The show has plenty of swashbuckling, old-fashioned fight scenes as well, represented by an interesting collection of weaponry, including swords, muskets and the like. “It’s really like a period piece,” Smith says. Adds deGorter, “They’re all weapons that you don’t use in the typical cop show of today.”

deGorter says that Allen has a talent for finding the right swords. “These aren’t your typical pirate swords,” he says. “They’re shorter, so they’re not going to sound as big and shing-y. And Mark builds the sounds of the swords out of multiple sounds, layered on. They can vary depending how bad the bad guy is and who’s more powerful.”

Miles Matheson (Billy Burke) is pursued by General Monroe’s army. Photo by Trae Patton/NBC

“When a sword slashes somebody here, it’s more than just the shirt being ripped,” adds Garrett. “It’s the spray of the blood afterwards. We’re playing for the reality of, ‘This is a real world, and it’s a dangerous world.’”

While many sounds are added, some modern sounds have to be removed from the production track in order to maintain the “no power” illusion. “They’re shooting in the real world,” Reese says. “If dialogue’s got a car in it or some kind of buzz or hum, you can’t have that.”

Reese will either attempt surgical repair using an iZotope Spectral Repair plug-in, or worst case, the line can be re-recorded in ADR. Conversely, if Reese receives a production track from dialogue editor Jay Levine that contains a good sound effect from the set, he says, “I’ll pull that and pipe it over to Bill to use as a proper sound effect.”

Smith’s style of mixing sound effects typically involves fewer EQ adjustments than most mixers. “I’m not a mixer who relies on EQ first—unless, of course, the sounds are happening behind a door or in the next room,” he explains. “Mark cuts really great sounds built out of a lot of elements. I’ve got beef and top end and clarity if I need it. I prefer to layer the elements he provides to get the desired effect rather than turning an EQ knob.”
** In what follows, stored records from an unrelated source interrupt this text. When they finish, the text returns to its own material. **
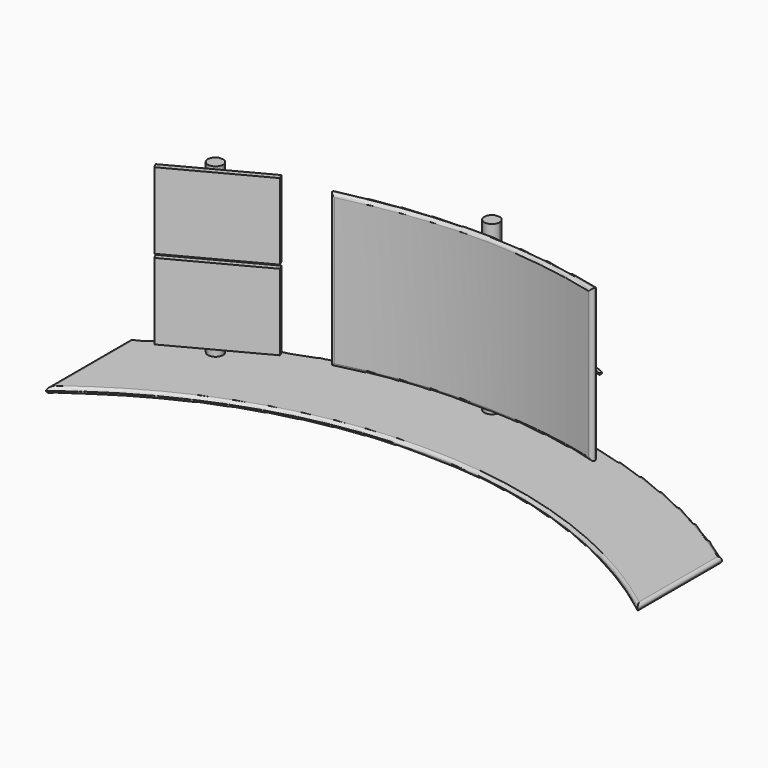
from build123d import *

# Parameters (mm, degrees)
F0_R         = 0.635
F1_DEPTH     = 0.508
F2_R         = 0.25399
F3_DEPTH     = 12.7
F5_DEPTH     = 6.35
F8_DEPTH     = 13.97
F9_DEPTH     = 1.016
F10_DEPTH    = 0.5969
F16_R        = 0.254
F19_T1_DEPTH = 13.6911805715
F19_T3_DEPTH = 13.6871611944
F19_T6_ANGLE = 30.5932209567
F19_T8_ANGLE = 30.5932209567
F20_DEPTH    = 0.127


# Not quite as in the source:
# - a fillet or chamfer that OpenCascade refuses, or shapes differently, is made with other operations: its cross-section is extruded or revolved along the edge and cut away or added
# - a fillet or chamfer is up to 0.001 mm smaller than in the source, because OpenCascade refuses the exact size


with BuildPart() as f1:
    # F0 (on Top) → F1 (new body)
    with BuildSketch(Plane.XY):
        with BuildLine():
            Line((24.6418640018, -8.8223936036), (24.6418640018, 0))
            ThreePointArc((24.6418640018, 0), (0, 7.9108268994), (-24.6418640018, 0))
            Line((-24.6418640018, 0), (-24.6418640018, -8.8223936036))
            ThreePointArc((-24.6418640018, -8.8223936036), (0, -0.2979005565), (24.6418640018, -8.8223936036))
        make_face()
        Polygon((-22.0129160094, -0.702014463), (-14.64919094, 3.2156321686), (-14.4481033974, 2.8160840178), (-21.8028810519, -1.096802413), align=None, mode=Mode.SUBTRACT)
        with Locations((-19.1195905209, 1.9358670106)):
            Circle(F0_R, mode=Mode.SUBTRACT)
        with BuildLine():
            ThreePointArc((-10.9774693847, 4.2001847178), (-0.0735459077, 5.6055651856), (10.8358133584, 4.2430227622))
            Line((10.8358133584, 4.2430227622), (10.8358133584, 3.6900111008))
            ThreePointArc((10.8358133584, 3.6900111008), (-0.073155619, 5.0882435822), (-10.9774693847, 3.6541586742))
            Line((-10.9774693847, 3.6541586742), (-10.9774693847, 4.2001847178))
        make_face(mode=Mode.SUBTRACT)
        with BuildLine():
            ThreePointArc((0.2075697848, 7.5781678897), (0.3505706678, 7.5220443298), (0.4795346964, 7.4385734616))
            ThreePointArc((0.4795346964, 7.4385734616), (5.6853396024, 6.773279999), (10.6270741671, 5.006282658))
            Line((10.6270741671, 5.006282658), (10.6270741671, 4.752282658))
            ThreePointArc((10.6270741671, 4.752282658), (5.7883534557, 6.2215479995), (0.7675825056, 6.8247211363))
            ThreePointArc((0.7675825056, 6.8247211363), (-0.0041251816, 6.0713398006), (-0.767692111, 6.8329707714))
            ThreePointArc((-0.767692111, 6.8329707714), (-5.8505234125, 6.272612966), (-10.7549736276, 4.8250139203))
            Line((-10.7549736276, 4.8250139203), (-10.7549736276, 4.9255372574))
            ThreePointArc((-10.7549736276, 4.9255372574), (-5.7560035668, 6.7472117335), (-0.4804700318, 7.437824133))
            ThreePointArc((-0.4804700318, 7.437824133), (-0.3531560296, 7.5207111182), (-0.2120132338, 7.5769055903))
            Line((-0.2120132338, 7.5769055903), (-0.2120132338, 7.6930532232))
            Line((-0.2120132338, 7.6930532232), (0.2075697848, 7.6930532232))
            Line((0.2075697848, 7.6930532232), (0.2075697848, 7.5781678897))
        make_face(mode=Mode.SUBTRACT)
        with Locations((18.3151047677, 1.9358670106)):
            Circle(F0_R, mode=Mode.SUBTRACT)
        with BuildLine():
            Line((10.8358133584, 3.6900111008), (10.8358133584, 4.2430227622))
            ThreePointArc((10.8358133584, 4.2430227622), (-0.0735459077, 5.6055651856), (-10.9774693847, 4.2001847178))
            Line((-10.9774693847, 4.2001847178), (-10.9774693847, 3.6541586742))
            ThreePointArc((-10.9774693847, 3.6541586742), (-0.073155619, 5.0882435822), (10.8358133584, 3.6900111008))
        make_face()
        with BuildLine():
            ThreePointArc((10.6270741671, 5.006282658), (5.6853396024, 6.773279999), (0.4795346964, 7.4385734616))
            ThreePointArc((0.4795346964, 7.4385734616), (0.6919301258, 7.1716418705), (0.7677161402, 6.8390448578))
            ThreePointArc((0.7677161402, 6.8390448578), (0.7676827308, 6.8318826853), (0.7675825056, 6.8247211363))
            ThreePointArc((0.7675825056, 6.8247211363), (5.7883534557, 6.2215479995), (10.6270741671, 4.752282658))
            Line((10.6270741671, 4.752282658), (10.6270741671, 5.006282658))
        make_face()
        with BuildLine():
            ThreePointArc((-0.767692111, 6.8329707714), (-0.6934977152, 7.1683608017), (-0.4804700318, 7.437824133))
            ThreePointArc((-0.4804700318, 7.437824133), (-5.7560035668, 6.7472117335), (-10.7549736276, 4.9255372574))
            Line((-10.7549736276, 4.9255372574), (-10.7549736276, 4.8250139203))
            ThreePointArc((-10.7549736276, 4.8250139203), (-5.8505234125, 6.272612966), (-0.767692111, 6.8329707714))
        make_face()
        Polygon((-14.4481033974, 2.8160840178), (-14.64919094, 3.2156321686), (-22.0129160094, -0.702014463), (-21.8028810519, -1.096802413), align=None)
        with Locations((-19.1195905209, 1.9358670106)):
            Circle(F0_R)
        with Locations((18.3151047677, 1.9358670106)):
            Circle(F0_R)
        with BuildLine():
            ThreePointArc((-0.634989989, 6.8354792114), (-0.0034120558, 6.2040540249), (0.6349150034, 6.8286555117))
            ThreePointArc((0.6349150034, 6.8286555117), (0, 6.8390448578), (-0.634989989, 6.8354792114))
        make_face()
        with BuildLine():
            ThreePointArc((0.6349150034, 6.8286555117), (0.6349787505, 6.8338500109), (0.635, 6.8390448578))
            ThreePointArc((0.635, 6.8390448578), (0.5143735851, 7.2113952505), (0.1983234175, 7.4422801535))
            ThreePointArc((0.1983234175, 7.4422801535), (-0.0004713667, 7.4429377567), (-0.1992648821, 7.4419698173))
            ThreePointArc((-0.1992648821, 7.4419698173), (-0.5157063227, 7.2095472043), (-0.634989989, 6.8354792114))
            ThreePointArc((-0.634989989, 6.8354792114), (0, 6.8390448578), (0.6349150034, 6.8286555117))
        make_face()
        with BuildLine():
            ThreePointArc((0.7675825056, 6.8247211363), (0.7012510135, 6.8267645002), (0.6349150034, 6.8286555117))
            ThreePointArc((0.6349150034, 6.8286555117), (-0.0034120558, 6.2040540249), (-0.634989989, 6.8354792114))
            ThreePointArc((-0.634989989, 6.8354792114), (-0.7013424903, 6.8343011875), (-0.767692111, 6.8329707714))
            ThreePointArc((-0.767692111, 6.8329707714), (-0.0041251816, 6.0713398006), (0.7675825056, 6.8247211363))
        make_face()
        with BuildLine():
            ThreePointArc((0.1983234175, 7.4422801535), (0.5143735851, 7.2113952505), (0.635, 6.8390448578))
            ThreePointArc((0.635, 6.8390448578), (0.6349787505, 6.8338500109), (0.6349150034, 6.8286555117))
            ThreePointArc((0.6349150034, 6.8286555117), (0.7012510135, 6.8267645002), (0.7675825056, 6.8247211363))
            ThreePointArc((0.7675825056, 6.8247211363), (0.7676827308, 6.8318826853), (0.7677161402, 6.8390448578))
            ThreePointArc((0.7677161402, 6.8390448578), (0.6919301258, 7.1716418705), (0.4795346964, 7.4385734616))
            ThreePointArc((0.4795346964, 7.4385734616), (0.3389344168, 7.4408334387), (0.1983234175, 7.4422801535))
        make_face()
        with BuildLine():
            ThreePointArc((-0.634989989, 6.8354792114), (-0.5157063227, 7.2095472043), (-0.1992648821, 7.4419698173))
            ThreePointArc((-0.1992648821, 7.4419698173), (-0.3398734516, 7.4403035974), (-0.4804700318, 7.437824133))
            ThreePointArc((-0.4804700318, 7.437824133), (-0.6934977152, 7.1683608017), (-0.767692111, 6.8329707714))
            ThreePointArc((-0.767692111, 6.8329707714), (-0.7013424903, 6.8343011875), (-0.634989989, 6.8354792114))
        make_face()
        with BuildLine():
            ThreePointArc((-0.1992648821, 7.4419698173), (-0.0004956471, 7.4740446643), (0.1983234175, 7.4422801535))
            ThreePointArc((0.1983234175, 7.4422801535), (0.3389344168, 7.4408334387), (0.4795346964, 7.4385734616))
            ThreePointArc((0.4795346964, 7.4385734616), (0.3505706678, 7.5220443298), (0.2075697848, 7.5781678897))
            Line((0.2075697848, 7.5781678897), (0.2075697848, 7.5769055903))
            Line((0.2075697848, 7.5769055903), (-0.2120132338, 7.5769055903))
            ThreePointArc((-0.2120132338, 7.5769055903), (-0.3531560296, 7.5207111182), (-0.4804700318, 7.437824133))
            ThreePointArc((-0.4804700318, 7.437824133), (-0.3398734516, 7.4403035974), (-0.1992648821, 7.4419698173))
        make_face()
        with BuildLine():
            ThreePointArc((-0.2120132338, 7.5769055903), (-0.0023096341, 7.6067575237), (0.2075697848, 7.5781678897))
            Line((0.2075697848, 7.5781678897), (0.2075697848, 7.6930532232))
            Line((0.2075697848, 7.6930532232), (-0.2120132338, 7.6930532232))
            Line((-0.2120132338, 7.6930532232), (-0.2120132338, 7.5769055903))
        make_face()
        with BuildLine():
            Line((0.2075697848, 7.5769055903), (0.2075697848, 7.5781678897))
            ThreePointArc((0.2075697848, 7.5781678897), (-0.0023096341, 7.6067575237), (-0.2120132338, 7.5769055903))
            Line((-0.2120132338, 7.5769055903), (0.2075697848, 7.5769055903))
        make_face()
        with BuildLine():
            ThreePointArc((-0.1992648821, 7.4419698173), (-0.0004713667, 7.4429377567), (0.1983234175, 7.4422801535))
            ThreePointArc((0.1983234175, 7.4422801535), (-0.0004956471, 7.4740446643), (-0.1992648821, 7.4419698173))
        make_face()
    extrude(amount=-F1_DEPTH)

    # F2 (radius 0.254 in the source; OpenCascade refuses exactly that, so slightly less here)
    f2_edges = [f1.edges().sort_by_distance(p)[0] for p in [
        (0, -0.297901, 0),
        (24.641864, -4.411197, 0),
        (0, 7.910827, 0),
        (-24.641864, -4.411197, 0),
        (0, -0.297901, -0.508),
        (24.641864, -4.411197, -0.508),
        (0, 7.910827, -0.508),
        (-24.641864, -4.411197, -0.508),
    ]]
    fillet(f2_edges, radius=F2_R)


with BuildPart() as f3:
    # F0 (on Top) → F3 (new body)
    with BuildSketch(Plane.XY):
        with BuildLine():
            Line((10.8358133584, 3.6900111008), (10.8358133584, 4.2430227622))
            ThreePointArc((10.8358133584, 4.2430227622), (-0.0735459077, 5.6055651856), (-10.9774693847, 4.2001847178))
            Line((-10.9774693847, 4.2001847178), (-10.9774693847, 3.6541586742))
            ThreePointArc((-10.9774693847, 3.6541586742), (-0.073155619, 5.0882435822), (10.8358133584, 3.6900111008))
        make_face()
    extrude(amount=F3_DEPTH)


with BuildPart() as f3_1:
    # F4: moved
    add(f3.part.moved(Location((0, 0, 0.9398))))

    # F16
    f16_edges = [f3_1.edges().sort_by_distance(p)[0] for p in [
        (-10.977469, 3.654159, 7.2898),
        (10.835813, 3.690011, 7.2898),
        (-0.073156, 5.088244, 0.9398),
        (-0.073156, 5.088244, 13.6398),
    ]]
    fillet(f16_edges, radius=F16_R)


with BuildPart() as f5:
    # F0 (on Top) → F5 (new body)
    with BuildSketch(Plane.XY):
        Polygon((-14.4481033974, 2.8160840178), (-14.64919094, 3.2156321686), (-22.0129160094, -0.702014463), (-21.8028810519, -1.096802413), align=None)
    extrude(amount=F5_DEPTH)


with BuildPart() as f5_1:
    # F6: moved
    add(f5.part.moved(Location((0, 0, 0.9398))))


with BuildPart() as f7_1:
    # F7: copy of F5
    add(f5_1.part.moved(Location((0, 0, 6.6548))))


with BuildPart() as f8:
    # F0 (on Top) → F8 (new body)
    with BuildSketch(Plane.XY):
        with BuildLine():
            ThreePointArc((-0.634989989, 6.8354792114), (-0.0034120558, 6.2040540249), (0.6349150034, 6.8286555117))
            ThreePointArc((0.6349150034, 6.8286555117), (0, 6.8390448578), (-0.634989989, 6.8354792114))
        make_face()
        with BuildLine():
            ThreePointArc((0.6349150034, 6.8286555117), (0.6349787505, 6.8338500109), (0.635, 6.8390448578))
            ThreePointArc((0.635, 6.8390448578), (0.5143735851, 7.2113952505), (0.1983234175, 7.4422801535))
            ThreePointArc((0.1983234175, 7.4422801535), (-0.0004713667, 7.4429377567), (-0.1992648821, 7.4419698173))
            ThreePointArc((-0.1992648821, 7.4419698173), (-0.5157063227, 7.2095472043), (-0.634989989, 6.8354792114))
            ThreePointArc((-0.634989989, 6.8354792114), (0, 6.8390448578), (0.6349150034, 6.8286555117))
        make_face()
    extrude(amount=F8_DEPTH)


with BuildPart() as f9:
    # F0 (on Top) → F9 (new body)
    with BuildSketch(Plane.XY):
        with BuildLine():
            ThreePointArc((0.7675825056, 6.8247211363), (0.7012510135, 6.8267645002), (0.6349150034, 6.8286555117))
            ThreePointArc((0.6349150034, 6.8286555117), (-0.0034120558, 6.2040540249), (-0.634989989, 6.8354792114))
            ThreePointArc((-0.634989989, 6.8354792114), (-0.7013424903, 6.8343011875), (-0.767692111, 6.8329707714))
            ThreePointArc((-0.767692111, 6.8329707714), (-0.0041251816, 6.0713398006), (0.7675825056, 6.8247211363))
        make_face()
        with BuildLine():
            ThreePointArc((-0.634989989, 6.8354792114), (-0.5157063227, 7.2095472043), (-0.1992648821, 7.4419698173))
            ThreePointArc((-0.1992648821, 7.4419698173), (-0.3398734516, 7.4403035974), (-0.4804700318, 7.437824133))
            ThreePointArc((-0.4804700318, 7.437824133), (-0.6934977152, 7.1683608017), (-0.767692111, 6.8329707714))
            ThreePointArc((-0.767692111, 6.8329707714), (-0.7013424903, 6.8343011875), (-0.634989989, 6.8354792114))
        make_face()
        with BuildLine():
            ThreePointArc((0.1983234175, 7.4422801535), (0.5143735851, 7.2113952505), (0.635, 6.8390448578))
            ThreePointArc((0.635, 6.8390448578), (0.6349787505, 6.8338500109), (0.6349150034, 6.8286555117))
            ThreePointArc((0.6349150034, 6.8286555117), (0.7012510135, 6.8267645002), (0.7675825056, 6.8247211363))
            ThreePointArc((0.7675825056, 6.8247211363), (0.7676827308, 6.8318826853), (0.7677161402, 6.8390448578))
            ThreePointArc((0.7677161402, 6.8390448578), (0.6919301258, 7.1716418705), (0.4795346964, 7.4385734616))
            ThreePointArc((0.4795346964, 7.4385734616), (0.3389344168, 7.4408334387), (0.1983234175, 7.4422801535))
        make_face()
        with BuildLine():
            ThreePointArc((-0.1992648821, 7.4419698173), (-0.0004956471, 7.4740446643), (0.1983234175, 7.4422801535))
            ThreePointArc((0.1983234175, 7.4422801535), (0.3389344168, 7.4408334387), (0.4795346964, 7.4385734616))
            ThreePointArc((0.4795346964, 7.4385734616), (0.3505706678, 7.5220443298), (0.2075697848, 7.5781678897))
            Line((0.2075697848, 7.5781678897), (0.2075697848, 7.5769055903))
            Line((0.2075697848, 7.5769055903), (-0.2120132338, 7.5769055903))
            ThreePointArc((-0.2120132338, 7.5769055903), (-0.3531560296, 7.5207111182), (-0.4804700318, 7.437824133))
            ThreePointArc((-0.4804700318, 7.437824133), (-0.3398734516, 7.4403035974), (-0.1992648821, 7.4419698173))
        make_face()
    extrude(amount=F9_DEPTH)


with BuildPart() as f10:
    # F0 (on Top) → F10 (new body)
    with BuildSketch(Plane.XY):
        with BuildLine():
            ThreePointArc((-0.2120132338, 7.5769055903), (-0.0023096341, 7.6067575237), (0.2075697848, 7.5781678897))
            Line((0.2075697848, 7.5781678897), (0.2075697848, 7.6930532232))
            Line((0.2075697848, 7.6930532232), (-0.2120132338, 7.6930532232))
            Line((-0.2120132338, 7.6930532232), (-0.2120132338, 7.5769055903))
        make_face()
        with BuildLine():
            Line((0.2075697848, 7.5769055903), (0.2075697848, 7.5781678897))
            ThreePointArc((0.2075697848, 7.5781678897), (-0.0023096341, 7.6067575237), (-0.2120132338, 7.5769055903))
            Line((-0.2120132338, 7.5769055903), (0.2075697848, 7.5769055903))
        make_face()
    extrude(amount=F10_DEPTH)


with BuildPart() as f10_1:
    # F11: moved
    add(f10.part.moved(Location((0, 0, 0.18796))))


with BuildPart() as f10_2:
    # F12: moved
    add(f10_1.part.moved(Location((0, 0, 6.4262))))


with BuildPart() as f9_1:
    # F12: moved
    add(f9.part.moved(Location((0, 0, 6.4262))))


with BuildPart() as f13_1:
    # F13: copy of F8
    add(f8.part.moved(Location((-19.1262, -4.9022, 0))))


with BuildPart() as f14_1:
    # F14: copy of F9
    add(f9_1.part.moved(Location((-19.1262, -4.9022, 0))))


with BuildPart() as f15_1:
    # F15: copy of F10
    add(f10_2.part.moved(Location((-19.11604, -4.90982, 0))))


with BuildPart() as f17_1:
    # F17: copy of F3
    add(f3_1.part)


with BuildPart() as f3_2:
    add(f3_1.part)

    # F19: fillet of radius 0.254 on 4 edges, made by hand

    # F19_s2 → F19_t1 (cut)
    with BuildSketch(Plane.XY.offset(0.4442097143)):
        with BuildLine():
            ThreePointArc((10.6436519813, 4.2917214497), (10.7820919272, 4.2015833975), (10.8358133584, 4.0453640169))
            Line((10.8358133584, 4.0453640169), (10.8358133584, 4.2430227622))
            ThreePointArc((10.8358133584, 4.2430227622), (10.7397603039, 4.2674811479), (10.6436519813, 4.2917214497))
        make_face()
    extrude(amount=F19_T1_DEPTH, mode=Mode.SUBTRACT)

    # F19_s4 → F19_t3 (cut)
    with BuildSketch(Plane.XY.offset(0.4462194028)):
        with BuildLine():
            ThreePointArc((-10.9774693847, 4.0033275065), (-10.9240557925, 4.1591514231), (-10.7862796762, 4.2494390001))
            ThreePointArc((-10.7862796762, 4.2494390001), (-10.8819023664, 4.2249199095), (-10.9774693847, 4.2001847178))
            Line((-10.9774693847, 4.2001847178), (-10.9774693847, 4.0033275065))
        make_face()
    extrude(amount=F19_T3_DEPTH, mode=Mode.SUBTRACT)

    # F19_s5 → F19_t6 (revolve, cut)
    with BuildSketch(Plane(origin=(9.6327426049, -2.6142862112, 0), x_dir=(0, 0, 1), z_dir=(0.9650892614, -0.2619212048, 0))):
        with BuildLine():
            ThreePointArc((0.9398, -6.6836422058), (1.0141948776, -6.8632473283), (1.1938, -6.9376422058))
            Line((1.1938, -6.9376422058), (0.9398, -6.9376422058))
            Line((0.9398, -6.9376422058), (0.9398, -6.6836422058))
        make_face()
    revolve(axis=Axis((0.0122119204, -38.0626221314, 0.9398), (0, 0, 1)), revolution_arc=F19_T6_ANGLE, mode=Mode.SUBTRACT)

    # F19_s7 → F19_t8 (revolve, cut)
    with BuildSketch(Plane(origin=(9.6327426049, -2.6142862112, 0), x_dir=(0, 0, 1), z_dir=(0.9650892614, -0.2619212048, 0))):
        with BuildLine():
            ThreePointArc((13.3858, -6.9376422058), (13.5654051224, -6.8632473283), (13.6398, -6.6836422058))
            Line((13.6398, -6.6836422058), (13.6398, -6.9376422058))
            Line((13.6398, -6.9376422058), (13.3858, -6.9376422058))
        make_face()
    revolve(axis=Axis((0.0122119204, -38.0626221314, 13.6398), (0, 0, 1)), revolution_arc=F19_T8_ANGLE, mode=Mode.SUBTRACT)


with BuildPart() as f20:
    # F0 (on Top) → F20 (new body)
    with BuildSketch(Plane.XY):
        with BuildLine():
            ThreePointArc((10.6270741671, 5.006282658), (5.6853396024, 6.773279999), (0.4795346964, 7.4385734616))
            ThreePointArc((0.4795346964, 7.4385734616), (0.6919301258, 7.1716418705), (0.7677161402, 6.8390448578))
            ThreePointArc((0.7677161402, 6.8390448578), (0.7676827308, 6.8318826853), (0.7675825056, 6.8247211363))
            ThreePointArc((0.7675825056, 6.8247211363), (5.7883534557, 6.2215479995), (10.6270741671, 4.752282658))
            Line((10.6270741671, 4.752282658), (10.6270741671, 5.006282658))
        make_face()
        with BuildLine():
            ThreePointArc((-0.767692111, 6.8329707714), (-0.6934977152, 7.1683608017), (-0.4804700318, 7.437824133))
            ThreePointArc((-0.4804700318, 7.437824133), (-5.7560035668, 6.7472117335), (-10.7549736276, 4.9255372574))
            Line((-10.7549736276, 4.9255372574), (-10.7549736276, 4.8250139203))
            ThreePointArc((-10.7549736276, 4.8250139203), (-5.8505234125, 6.272612966), (-0.767692111, 6.8329707714))
        make_face()
        with BuildLine():
            ThreePointArc((0.6349150034, 6.8286555117), (0.6349787505, 6.8338500109), (0.635, 6.8390448578))
            ThreePointArc((0.635, 6.8390448578), (0.5143735851, 7.2113952505), (0.1983234175, 7.4422801535))
            ThreePointArc((0.1983234175, 7.4422801535), (-0.0004713667, 7.4429377567), (-0.1992648821, 7.4419698173))
            ThreePointArc((-0.1992648821, 7.4419698173), (-0.5157063227, 7.2095472043), (-0.634989989, 6.8354792114))
            ThreePointArc((-0.634989989, 6.8354792114), (0, 6.8390448578), (0.6349150034, 6.8286555117))
        make_face()
        with BuildLine():
            ThreePointArc((0.1983234175, 7.4422801535), (0.5143735851, 7.2113952505), (0.635, 6.8390448578))
            ThreePointArc((0.635, 6.8390448578), (0.6349787505, 6.8338500109), (0.6349150034, 6.8286555117))
            ThreePointArc((0.6349150034, 6.8286555117), (0.7012510135, 6.8267645002), (0.7675825056, 6.8247211363))
            ThreePointArc((0.7675825056, 6.8247211363), (0.7676827308, 6.8318826853), (0.7677161402, 6.8390448578))
            ThreePointArc((0.7677161402, 6.8390448578), (0.6919301258, 7.1716418705), (0.4795346964, 7.4385734616))
            ThreePointArc((0.4795346964, 7.4385734616), (0.3389344168, 7.4408334387), (0.1983234175, 7.4422801535))
        make_face()
        with BuildLine():
            ThreePointArc((-0.634989989, 6.8354792114), (-0.5157063227, 7.2095472043), (-0.1992648821, 7.4419698173))
            ThreePointArc((-0.1992648821, 7.4419698173), (-0.3398734516, 7.4403035974), (-0.4804700318, 7.437824133))
            ThreePointArc((-0.4804700318, 7.437824133), (-0.6934977152, 7.1683608017), (-0.767692111, 6.8329707714))
            ThreePointArc((-0.767692111, 6.8329707714), (-0.7013424903, 6.8343011875), (-0.634989989, 6.8354792114))
        make_face()
    extrude(amount=F20_DEPTH)


with BuildPart() as f20_1:
    # F21: moved
    add(f20.part.moved(Location((0, 0, 6.858))))


solid = Compound([f1.part, f5_1.part, f7_1.part, f8.part, f10_2.part, f9_1.part, f13_1.part, f14_1.part, f15_1.part, f3_2.part, f20_1.part])

Music is sent to music editor Brian Bulman in two parts. Composer Christopher Lennertz will deliver eight sets of quad stems, while four sets of quad stems of other live instruments will arrive from the Warner Bros. scoring stage. “It’s left, right, and left-surround, right-surround,” Smith says. “The music stays out of the center for the dialogue, guns and action stuff so it sounds nice and wide.”

Photo by Bob Mahoney/NBC

Editorial source material is uploaded from Atomic to the Todd-AO server via Aspera high-speed file transfer software, then downloaded to local computers, where Smith and Reese will build their sessions.

The duo mix on an Avid D-Control, with a two-way JBL array and Bag End subs behind the screen. Reese will mix dialogue, music and ADR/group, first concentrating on dialogue. “It can’t be too low or too high,” he states. “In television, you hear a line once, and it’s important that you hear every line. You’re not in a theater; everybody’s house is different. Even if the TV is low, you need to hear the dialogue and not miss a thing. So that needs to be set before I add music and before Bill does his sound effects magic.”

The two engineers—who have mixed together for 13 years, since the second season of CSI—have to carefully balance the action with the drama. “It’s a delicate weave between Bill and me,” Reese says. “There’ll be rip-roaring sounds on an episode with a train, and then suddenly a character will come in and deliver a line really quietly. So we have to dip everything out so we can understand the line.”

“But we don’t want you to know we did that,” Smith adds.